It's largely the same, but a different route in NY. It's a fun tool to use.


----------



## AsRock (Aug 4, 2013)

Frick said:


> To see the path to servers you have to use traceroute (tracert in Windows).
> 
> EDIT: Depending on the network, the path to close servers will probably not change unless there's a problem somewhere (or REALLY congested traffic). In fact, a lot of traffic is fairly "static". At least where I live. Here's two traceroutes from me (northern Sweden) to TPU, done about two minutes between:
> 
> ...



Not sure if they still do it but a bank had a offer over there to open a account with them and you get a free gun LMAO.

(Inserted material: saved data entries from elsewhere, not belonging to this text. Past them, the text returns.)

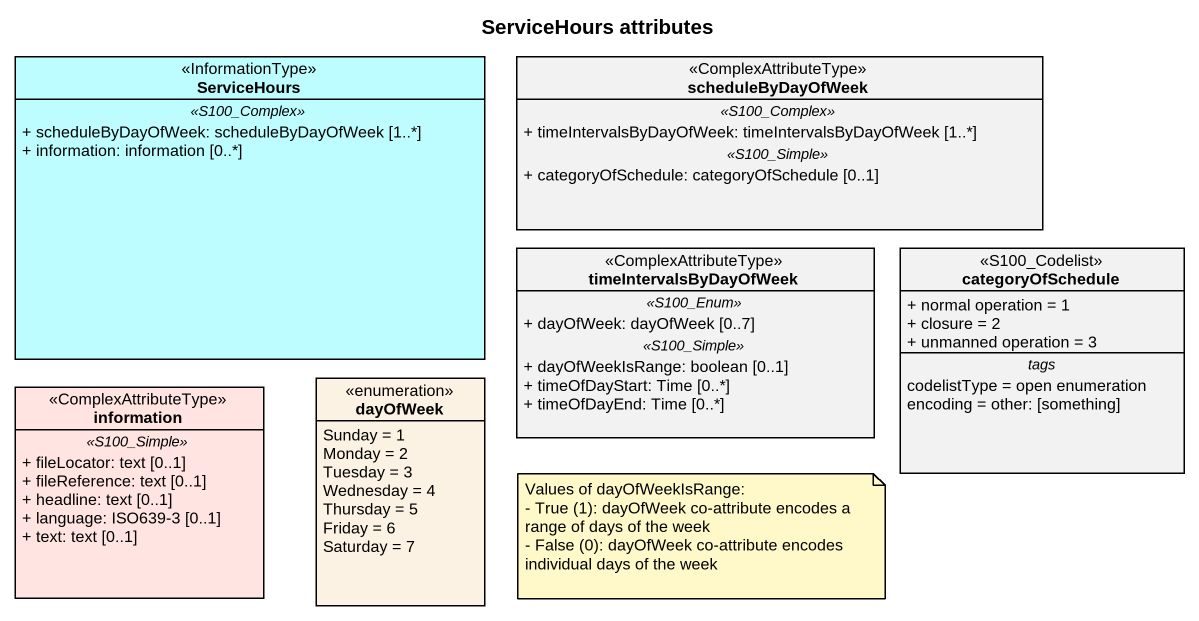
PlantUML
@startuml
title ServiceHours attributes
hide circle
hide empty members
skinparam classAttributeIconSize 0
class ServiceHours <<InformationType>> #BEFDFF {
  .. <<S100_Complex>> ..
  + scheduleByDayOfWeek: scheduleByDayOfWeek [1..*]
  + information: information [0..*]
}
class scheduleByDayOfWeek <<ComplexAttributeType>> {
  .. <<S100_Complex>> ..
  + timeIntervalsByDayOfWeek: timeIntervalsByDayOfWeek [1..*]
  .. <<S100_Simple>> ..
  + categoryOfSchedule: categoryOfSchedule [0..1]
}
class timeIntervalsByDayOfWeek <<ComplexAttributeType>> {
  .. <<S100_Enum>> ..
  + dayOfWeek: dayOfWeek [0..7]
  .. <<S100_Simple>> ..
  + dayOfWeekIsRange: boolean [0..1]
  + timeOfDayStart: Time [0..*]
  + timeOfDayEnd: Time [0..*]
}
class categoryOfSchedule <<S100_Codelist>> {
  + normal operation = 1
  + closure = 2
  + unmanned operation = 3
  -- tags --
  codelistType = open enumeration
  encoding = other: [something]
}
class information <<ComplexAttributeType>> #FFE4E1 {
  .. <<S100_Simple>> ..
  + fileLocator: text [0..1]
  + fileReference: text [0..1]
  + headline: text [0..1]
  + language: ISO639-3 [0..1]
  + text: text [0..1]
}
enum dayOfWeek #FCF2E3 {
  Sunday = 1
  Monday = 2
  Tuesday = 3
  Wednesday = 4
  Thursday = 5
  Friday = 6
  Saturday = 7
}
note as N1
  Values of dayOfWeekIsRange:
  - True (1): dayOfWeek co-attribute encodes a range of days of the week
  - False (0): dayOfWeek co-attribute encodes individual days of the week
end note
@enduml

And i still like 3Dtraceroute although pretty much the same thing, although not having any commands to remember and it will constantly ping which some times shows a dodgy server over time.
http://www.d3tr.de/

60-80 ping aint bad in the 1st place.  Maybe they changed were there servers are located due to costs or some thing if your on about the same servers each time.


----------



## mastrdrver (Aug 4, 2013)

Mussels said:


> no, the route between you and the destination changed. use the car analogy - same start, same finish, different road.



Yes I did a before and after just to see. The ping would lag out or rocket high right before it left the ATT network. When I no longer had ping problems, same ips but they no longer lagged out of had huge jumps.


----------



## remixedcat (Aug 4, 2013)

I had 600 at best when I had comcast in Nashville!!!


----------



## AngryMerchant (Aug 6, 2013)

To clear it up: It doesn't really matter what is "technically" playable.  I've played more than enough multiplayer games, especially TF2, to feel the difference between 20 ping and 60 ping, and it does bother me.  I don't live far from Chicago at all, my ping was as low as 10 on Chicago servers.  Not 60.  And I've gone to the server browser and filtered servers, there are none under 50 for me anymore.  I'm not sure what posts to respond to, so I'll start with this one:



Mussels said:


> ok i'm going to hazard some guesses based on a similar experience i've had in the past with a client:
> 
> you have DSL (technically, ADSL2+).
> 
> ...



It's not 30-60, it's 60-80, and regularly spikes over 100.  If I can even manage to get into the router (I know it isn't complicated, but I don't have the password), what would I be looking for, if there's anything that can be done at all?  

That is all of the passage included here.